# My first iPad 2 install



## JP Fabrication (Feb 20, 2008)

This is my friend's '08 MXT that I installed an ipad 2 as the source unit with an Audio Control Three.2 EQ. I relocated the air brake switch, turbo boost knob, and the HVAC.

I went up to SoundMan in Santa Clarita last week and picked up 90 degree passthrough 30 pin and the Schose AV cable which provides a switcable video out and 2.1 amps of charging.
The iPad is slid in from the side and self docks to the 30 pin so there is no need to physically plug in the 30 pin plug.

This is the beast













Stock dash











Finished


----------



## sh.moto.2 (Jul 2, 2010)

that audiocontrol indash eq works well as avolume control?


----------



## JP Fabrication (Feb 20, 2008)

sh.moto.2 said:


> that audiocontrol indash eq works well as avolume control?



Yes it does.


----------



## cgm246 (Jun 27, 2011)

nICE INSTALL, GOOD WORK...i LIKE THAT!


----------



## UrbanAssaultJeep (Sep 11, 2011)

Looks pretty decent!
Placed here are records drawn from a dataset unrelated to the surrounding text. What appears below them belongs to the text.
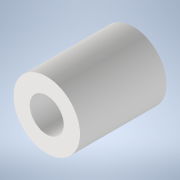
# Autodesk Inventor part: StangePotiAdapter1
Saved by Autodesk Inventor 2020.3 (Build 243373010, 373A)
## iProperties
Created: 2020-11-30
Part Number: StangePotiAdapter1
Material: Generisch
Document SubType Name: Modeling
Designer: Stefan
Density: 1 g/cm^3
Appearance: Vorgabe
Author: Stefan
Autodesk Inventor part; units mm, degrees
ref_plane "YZ Plane" through (0, 0, 0) normal (1, 0, 0) x (0, 1, 0)
ref_plane "XZ Plane" through (0, 0, 0) normal (0, 1, 0) x (-1, 0, 0)
ref_plane "XY Plane" through (0, 0, 0) normal (0, 0, 1) x (1, 0, 0)
sketch "Skizze1" plane through (0, 0, 0) normal (0, 0, 1) x (1, 0, 0)
  circle A0 centre (0, 0) radius 10
  circle A1 centre (0, 0) radius 5.1
  line L0 (0, 0) -> (0, 25.1367) construction
  dimension "d0" = 20
  dimension "d1" = 10.2
  constraints: 3 coincident, 2 centre point, 2 end point, 1 vertical
  measures "d0" diameter of A0
  measures "d1" diameter of A1
extrude "Extrusion1" add sketch "Skizze1" along normal blind 16
sketch "Skizze2" plane through (0, 0, 0) normal (0, 0, -1) x (-1, 0, 0)
  circle A0 centre (0, 0) radius 10
  line L0 (5.05, 2.55) -> (-5.05, 2.55)
  line L1 (-5.05, 2.55) -> (-5.05, -2.55)
  line L2 (-5.05, -2.55) -> (5.05, -2.55)
  line L3 (5.05, -2.55) -> (5.05, 2.55)
  dimension "d9" = 20
  dimension "d10" = 10.1
  dimension "d11" = 5.1
  dimension "d12" = 5.05
  dimension "d13" = 2.55
  constraints: 8 end point, 2 parallel, 1 centre point, 1 coincident, 1 horizontal, 1 perpendicular
  measures "d9" diameter of A0
  measures "d10" distance of L2.end L1.end
  measures "d11" distance of L1.end L0.end
  measures "d12" distance from line of point (0, 0) L3
  measures "d13" distance from line of point (0, 0) L2
extrude "Extrusion2" add sketch "Skizze2" along normal blind 10

Love the truck!


----------



## strokin340 (Jul 31, 2008)

the truck looks beast....very nice install...


----------



## Dakota548ci (Jan 5, 2008)

Very clean install. Love the truck.


----------



## SonicBoomAudio (May 9, 2010)

Badass truck, and very clean instal


----------



## silversound (Feb 5, 2010)

Darn that is some nice work


----------



## 2010hummerguy (Oct 7, 2009)

Sick truck! I had no idea these existed, only the CXT.


----------